1. Whether Fortune Medicare is liable under the policy given to Amorin.

RULLING:

1. Yes, Fortune Medicare is liable. In the policy, a provision stating that a member shall be
entitles to full coverage benefits whether in the Philippines or abroad. It also provides that if
the emergency confinement occurs in a foreign country, Fortune Medicare shall be obligated
to reimburse or pay 80% of the approved standard charges which shall cover the
hospitalization and professional fees.

For purposes of determining the liability of a health care provider to its members,
jurisprudence holds that a health care agreement is in the nature of non-life insurance, which
is primarily a contract of indemnity. Once the member incurs hospital, medical or any other
expense arising from sickness, injury or other stipulated contingent, the health care provider
must pay for the same to the extent agreed upon under the contract.

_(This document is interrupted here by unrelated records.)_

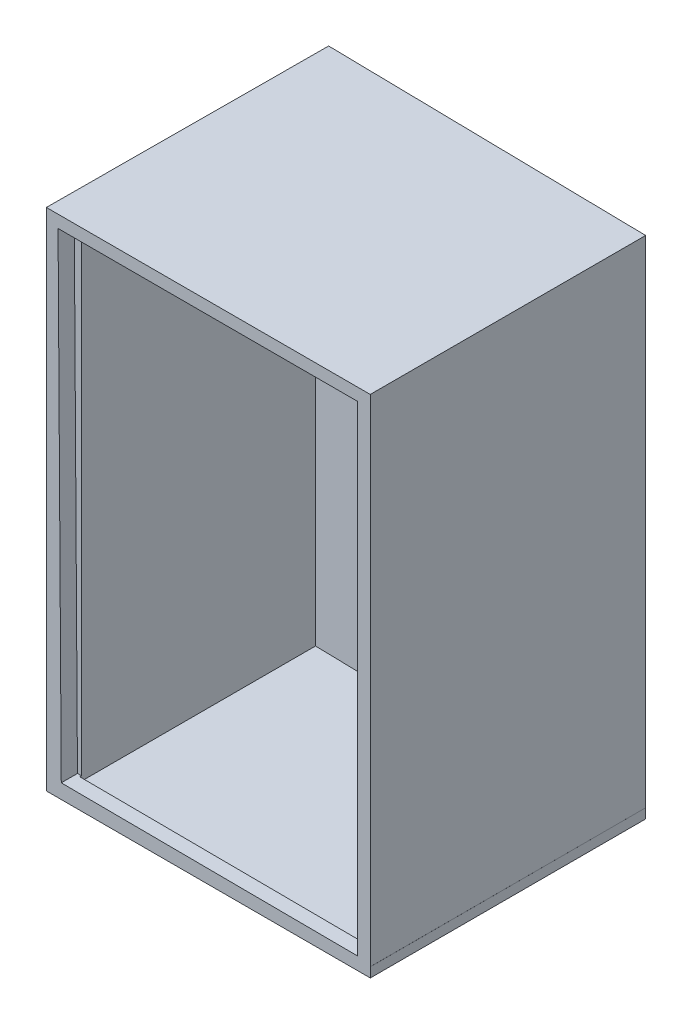
from build123d import *

# Parameters (mm, degrees)
BOSS_EXTRUDE1_DEPTH  = 3
BOSS_EXTRUDE3_DEPTH  = 150
BOSS_EXTRUDE4_DEPTH  = 3
CUT_EXTRUDE1_DEPTH   = 5
SKETCH6_W            = 55.881383125
SKETCH6_H            = 131.694311499
CUT_EXTRUDE3_DEPTH   = 19
SKETCH7_W            = 11.810965499
SKETCH7_H            = 56.555160504
BOSS_EXTRUDE5_DEPTH  = 1
SKETCH8_W            = 9.430572128
SKETCH8_H            = 6.978385349
CUT_EXTRUDE4_DEPTH   = 1
SKETCH9_R            = 2.553462054
SKETCH9_R_2          = 2.527406692
SKETCH9_R_3          = 2.450578881
SKETCH9_R_4          = 2.393474957
SKETCH9_R_5          = 2.423501959
SKETCH9_R_6          = 2.218374128
SKETCH9_R_7          = 2.394320802
SKETCH9_R_8          = 2.316573099
SKETCH9_R_9          = 2.249840859
BOSS_EXTRUDE6_DEPTH  = 1
SKETCH10_W           = 5.275039684
SKETCH10_H           = 138.164085468
BOSS_EXTRUDE8_DEPTH  = 28
SKETCH11_W           = 5.203423545
SKETCH11_H           = 131.656440026
BOSS_EXTRUDE9_DEPTH  = 28
BOSS_EXTRUDE11_DEPTH = 1
BOSS_EXTRUDE12_DEPTH = 1
BOSS_EXTRUDE13_DEPTH = 1
BOSS_EXTRUDE14_DEPTH = 1
BOSS_EXTRUDE16_DEPTH = 1
BOSS_EXTRUDE17_DEPTH = 1
BOSS_EXTRUDE18_DEPTH = 1
BOSS_EXTRUDE19_DEPTH = 1
SKETCH24_R           = 0.207284526
BOSS_EXTRUDE20_DEPTH = 1
BOSS_EXTRUDE21_DEPTH = 1


with BuildPart() as part:
    # Sketch1 → Boss-Extrude1 (new body)
    with BuildSketch(Plane(origin=(0, 0, 0), x_dir=(1, 0, 0), z_dir=(0, 1, 0))):
        Polygon((-39.384781927, 34.745621882), (60.600258914, 33.015995311), (60.615218073, -51.984003373), (-39.384781927, -51.984003373), align=None)
    extrude(amount=BOSS_EXTRUDE1_DEPTH)

    # Sketch2 → Boss-Extrude3 (add)
    with BuildSketch(Plane(origin=(0, 3, 0), x_dir=(1, 0, 0), z_dir=(0, 1, 0))):
        Polygon((-39.384781927, 34.745621882), (60.600258914, 33.015995311), (60.595836951, -51.984003373), (-39.384781927, -51.984003373), align=None)
        Polygon((-33.590728292, 25.303502533), (54.790044156, 23.384540531), (54.790044156, -47.497414334), (-33.590728292, -47.497414334), align=None, mode=Mode.SUBTRACT)
    extrude(amount=BOSS_EXTRUDE3_DEPTH)

    # Sketch4 → Boss-Extrude4 (add)
    with BuildSketch(Plane(origin=(0, 153, 0), x_dir=(1, 0, 0), z_dir=(0, 1, 0))):
        Polygon((-38.96845801, 34.738419955), (60.600258914, 33.015995311), (60.595836951, -51.984003373), (-39.384781927, -51.984003373), align=None)
    extrude(amount=BOSS_EXTRUDE4_DEPTH)

    # Sketch5 → Cut-Extrude1 (cut)
    with BuildSketch(Plane.XY.offset(51.984003373)):
        Polygon((-35.776536927, 152.183917826), (56.654094714, 152.183917826), (56.654094714, 3.919369827), (-34.786647076, 4.474634491), align=None)
    extrude(amount=-CUT_EXTRUDE1_DEPTH, mode=Mode.SUBTRACT)

    # Sketch6 → Cut-Extrude3 (cut)
    with BuildSketch(Plane(origin=(0.533313623, 0, -24.562586404), x_dir=(0.999764368337665, 0, 0.021707321400619532), z_dir=(-0.021707321400619536, 0, 0.999764368337665))):
        with Locations((10.253451121, 68.969395882)):
            Rectangle(SKETCH6_W, SKETCH6_H)
    extrude(amount=-CUT_EXTRUDE3_DEPTH, mode=Mode.SUBTRACT)

    # Sketch7 → Boss-Extrude5 (add)
    with BuildSketch(Plane(origin=(0.533313623, 0, -24.562586404), x_dir=(0.999764368337665, 0, 0.021707321400619532), z_dir=(-0.021707321400619536, 0, 0.999764368337665))):
        with Locations((46.937117149, 62.880310934)):
            Rectangle(SKETCH7_W, SKETCH7_H)
    extrude(amount=BOSS_EXTRUDE5_DEPTH)

    # Sketch8 → Cut-Extrude4 (cut)
    with BuildSketch(Plane(origin=(0.511606302, 0, -23.562822036), x_dir=(0.9997643683376649, 0, 0.02170732140061971), z_dir=(-0.021707321400619713, 0, 0.999764368337665))):
        with Locations((47.04819366, 84.912097217)):
            Rectangle(SKETCH8_W, SKETCH8_H)
    extrude(amount=-CUT_EXTRUDE4_DEPTH, mode=Mode.SUBTRACT)

    # Sketch9 → Boss-Extrude6 (add)
    with BuildSketch(Plane(origin=(0.511606302, 0, -23.562822036), x_dir=(0.9997643683376649, 0, 0.02170732140061971), z_dir=(-0.021707321400619713, 0, 0.999764368337665))):
        with Locations((44.220057391, 76.932607019)):
            Circle(SKETCH9_R)
        with Locations((49.787987313, 76.932607019)):
            Circle(SKETCH9_R_2)
        with Locations((44.220057391, 71.009067158)):
            Circle(SKETCH9_R_3)
        with Locations((49.997997577, 71.009067158)):
            Circle(SKETCH9_R_4)
        with Locations((46.605113113, 64.043550264)):
            Circle(SKETCH9_R_5)
        with Locations((46.605113113, 57.223700245)):
            Circle(SKETCH9_R_6)
        with Locations((46.605113113, 50.771174031)):
            Circle(SKETCH9_R_7)
        with Locations((46.605113113, 43.775541059)):
            Circle(SKETCH9_R_8)
        with Locations((46.605113113, 37.775832891)):
            Circle(SKETCH9_R_9)
    extrude(amount=BOSS_EXTRUDE6_DEPTH)

    # Sketch10 → Boss-Extrude8 (add)
    with BuildSketch(Plane(origin=(-17.683072767, 0, -0.383942613), x_dir=(0.021707321400619536, 0, -0.999764368337665), z_dir=(0.999764368337665, 0, 0.02170732140061954))):
        with Locations((31.343991402, 72.204282866)):
            Rectangle(SKETCH10_W, SKETCH10_H)
    extrude(amount=BOSS_EXTRUDE8_DEPTH)

    # Sketch11 → Boss-Extrude9 (add)
    with BuildSketch(Plane(origin=(10.310329546, 0, 0.223862386), x_dir=(0.021707321400619456, 0, -0.999764368337665), z_dir=(0.9997643683376649, 0, 0.021707321400619452))):
        with Locations((31.472273281, 68.988331618)):
            Rectangle(SKETCH11_W, SKETCH11_H)
    extrude(amount=BOSS_EXTRUDE9_DEPTH)

    # Sketch16 → Boss-Extrude11 (add)
    with BuildSketch(Plane(origin=(0.48989898, 0, -22.563057667), x_dir=(0.9997643683376649, 0, 0.021707321400619713), z_dir=(-0.021707321400619716, 0, 0.999764368337665))):
        with BuildLine():
            add(Edge.make_bspline(
                [(45.511628238, 63.885796638), (45.511956256, 63.941894026), (45.512593436, 64.05086401), (45.519681857, 64.209648652), (45.531457199, 64.358608941), (45.547594572, 64.497752007), (45.567232552, 64.627113772), (45.593448039, 64.746348529), (45.623260841, 64.856008136), (45.657813287, 64.956450184), (45.696801076, 65.049027887), (45.739235337, 65.135453088), (45.786800131, 65.215595021), (45.836777044, 65.290732811), (45.891189116, 65.359636506), (45.948487906, 65.423279169), (46.010909783, 65.480189919), (46.076332791, 65.532036221), (46.145349255, 65.577485693), (46.215991921, 65.617518432), (46.288747027, 65.651718299), (46.36381321, 65.678608735), (46.440515768, 65.700819582), (46.519122835, 65.716008529), (46.599764199, 65.725565438), (46.654195634, 65.726479105), (46.681800513, 65.726942472)],
                knots=[0, 0, 0, 0, 1.646270934, 3.197905019, 4.663502075, 6.030701355, 7.308322542, 8.50163776, 9.611534131, 10.641858119, 11.616356847, 12.558055219, 13.465016945, 14.349605745, 15.204443733, 16.039544428, 16.859896111, 17.680448484, 18.487036065, 19.28249412, 20.06191084, 20.843045899, 21.620316918, 22.403196591, 23.190181807, 24, 24, 24, 24], degree=3))
            add(Edge.make_bspline(
                [(46.681800513, 65.726942472), (46.709635992, 65.726454656), (46.764992001, 65.725484546), (46.846832376, 65.716160603), (46.926782058, 65.70068948), (47.004500196, 65.678768505), (47.080625183, 65.651572829), (47.15456159, 65.617485712), (47.226768672, 65.577806844), (47.29609896, 65.531182967), (47.363313575, 65.479200691), (47.426761538, 65.420438022), (47.486448624, 65.355488303), (47.543123929, 65.285046439), (47.595179526, 65.207761354), (47.644752959, 65.124977244), (47.689124995, 65.035246379), (47.73185967, 64.940065912), (47.768746657, 64.836802253), (47.802012902, 64.726037492), (47.82889187, 64.606463305), (47.851281143, 64.47870706), (47.868626039, 64.342299577), (47.881258681, 64.197533261), (47.887931766, 64.044312871), (47.889188467, 63.939555021), (47.889833366, 63.885796638)],
                knots=[0, 0, 0, 0, 0.810914788, 1.612654377, 2.396697861, 3.181598691, 3.963628158, 4.749916497, 5.551656086, 6.361998678, 7.18212741, 8.025565596, 8.878627764, 9.750805457, 10.657531673, 11.591944965, 12.560506719, 13.57287815, 14.630710178, 15.753379473, 16.941251878, 18.199788006, 19.531962791, 20.947069417, 22.433333509, 24, 24, 24, 24], degree=3))
            add(Edge.make_bspline(
                [(47.889833366, 63.885796638), (47.889181781, 63.83227273), (47.887912195, 63.727983579), (47.881333489, 63.575452603), (47.868374857, 63.43145456), (47.852164869, 63.295644097), (47.829713906, 63.168586479), (47.80210874, 63.04984203), (47.771458417, 62.938897958), (47.733623623, 62.836663147), (47.692212913, 62.741711424), (47.647157717, 62.653044276), (47.59888789, 62.569877983), (47.546299145, 62.492878236), (47.490245732, 62.421499579), (47.429527943, 62.357001956), (47.365857358, 62.297831284), (47.298444942, 62.245179657), (47.228033391, 62.199094852), (47.156074314, 62.157881002), (47.081290931, 62.124648307), (47.005377978, 62.096113266), (46.927249612, 62.074312814), (46.847003221, 62.059238958), (46.765046986, 62.04866711), (46.70964542, 62.04786063), (46.681800513, 62.047455292)],
                knots=[0, 0, 0, 0, 1.561518951, 3.042555995, 4.452378317, 5.7783523, 7.031515105, 8.214008947, 9.334062868, 10.386615937, 11.391082383, 12.354592575, 13.286541444, 14.194233754, 15.072674879, 15.931287219, 16.775624067, 17.606195743, 18.42308326, 19.229000347, 20.022332153, 20.807536673, 21.593273796, 22.3848459, 23.188221202, 24, 24, 24, 24], degree=3))
            add(Edge.make_bspline(
                [(46.681800513, 62.047455292), (46.654196399, 62.047921648), (46.599766475, 62.04884121), (46.519114049, 62.058354941), (46.440831606, 62.073650444), (46.364532852, 62.095067048), (46.289826337, 62.121281885), (46.21773005, 62.155435568), (46.147442366, 62.194769637), (46.07915081, 62.239565059), (46.014138649, 62.290886742), (45.952040044, 62.34765103), (45.894415025, 62.411274442), (45.840780929, 62.480752365), (45.789806841, 62.555445607), (45.742917468, 62.63637398), (45.699546614, 62.723216591), (45.659903123, 62.816534501), (45.624754459, 62.917689429), (45.593706751, 63.027838608), (45.569192594, 63.147954244), (45.548209638, 63.277071611), (45.531285255, 63.415745541), (45.51973093, 63.56405132), (45.512589615, 63.721896529), (45.511954545, 63.830166303), (45.511628238, 63.885796638)],
                knots=[0, 0, 0, 0, 0.810891512, 1.598919785, 2.382837074, 3.152667961, 3.926044502, 4.706494248, 5.493654104, 6.291793342, 7.103789334, 7.925228297, 8.761435821, 9.622817696, 10.50288917, 11.416980706, 12.369136599, 13.353924996, 14.394355917, 15.514179734, 16.714354668, 17.994756427, 19.357759367, 20.818452758, 22.365282078, 24, 24, 24, 24], degree=3))
        make_face()
        with BuildLine():
            add(Edge.make_bspline(
                [(45.825730802, 63.887198882), (45.825850249, 63.840450183), (45.826082072, 63.749720138), (45.832138273, 63.617876877), (45.840388505, 63.494906549), (45.851029802, 63.380653012), (45.86683275, 63.275503), (45.884539538, 63.178733316), (45.906087628, 63.090856079), (45.931582646, 63.011268269), (45.960621743, 62.9386192), (45.992327606, 62.871017985), (46.026388329, 62.807666049), (46.06450748, 62.74913244), (46.106022543, 62.695226276), (46.149995802, 62.644993444), (46.198068386, 62.600196462), (46.264572129, 62.546469607), (46.352368603, 62.490950474), (46.462989059, 62.442604384), (46.57665751, 62.412221927), (46.65380876, 62.408358172), (46.69231734, 62.406429651)],
                knots=[0, 0, 0, 0, 1.459021318, 2.831673884, 4.118529203, 5.306027144, 6.411944654, 7.436330062, 8.375795394, 9.233974572, 10.042671642, 10.816086306, 11.563610507, 12.285937304, 12.993564865, 13.685989202, 14.367179055, 15.041617293, 16.353048772, 17.594441528, 18.799311195, 20, 20, 20, 20], degree=3))
            add(Edge.make_bspline(
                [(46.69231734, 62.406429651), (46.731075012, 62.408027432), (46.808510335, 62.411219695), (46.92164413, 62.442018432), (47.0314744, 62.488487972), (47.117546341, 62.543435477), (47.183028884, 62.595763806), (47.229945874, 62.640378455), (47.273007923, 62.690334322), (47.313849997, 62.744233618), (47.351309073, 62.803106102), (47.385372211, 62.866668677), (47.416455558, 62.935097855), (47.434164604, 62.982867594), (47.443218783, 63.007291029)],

COMPARISON OF ABOVE TWO CASES.

The 2 cases above have the same ruling. It discussed the elements of a contract of Insurance and
why the element to “indemnify the injured party” is indispensable requisite. The two
jurisprudence dictates that a health care agreement is in the nature of non-life insurance, which is
primarily a contract of indemnity. The 1st case PHILAMCARE HEALTH SYSTEMS, INC.
vs. COURT OF APPEALS stated by the decision of the Supreme Court the health coverage
agreement entered upon by Ernani with Philamcare is a non-life insurance contract and is
covered by the Insurance Law. It is primarily a contract of indemnity. Once the member incurs
hospital, medical or any other expense arising from sickness, injury or other stipulated
contingent, the health care provider must pay for the same to the extent agreed upon under the
contract. The latter case FORTUNE MEDICARE, INC vs. DAVID ROBERT U. AMORIN
stated stated by the decision of the Supreme Court that purposes of determining the liability
of a health care provider to its members, a health care agreement is in the nature of non-life
insurance, which is primarily a contract of indemnity. Once the member incurs hospital, medical
or any other expense arising from sickness, injury or other stipulated contingent, the health care
provider must pay for the same to the extent agreed upon under the contract.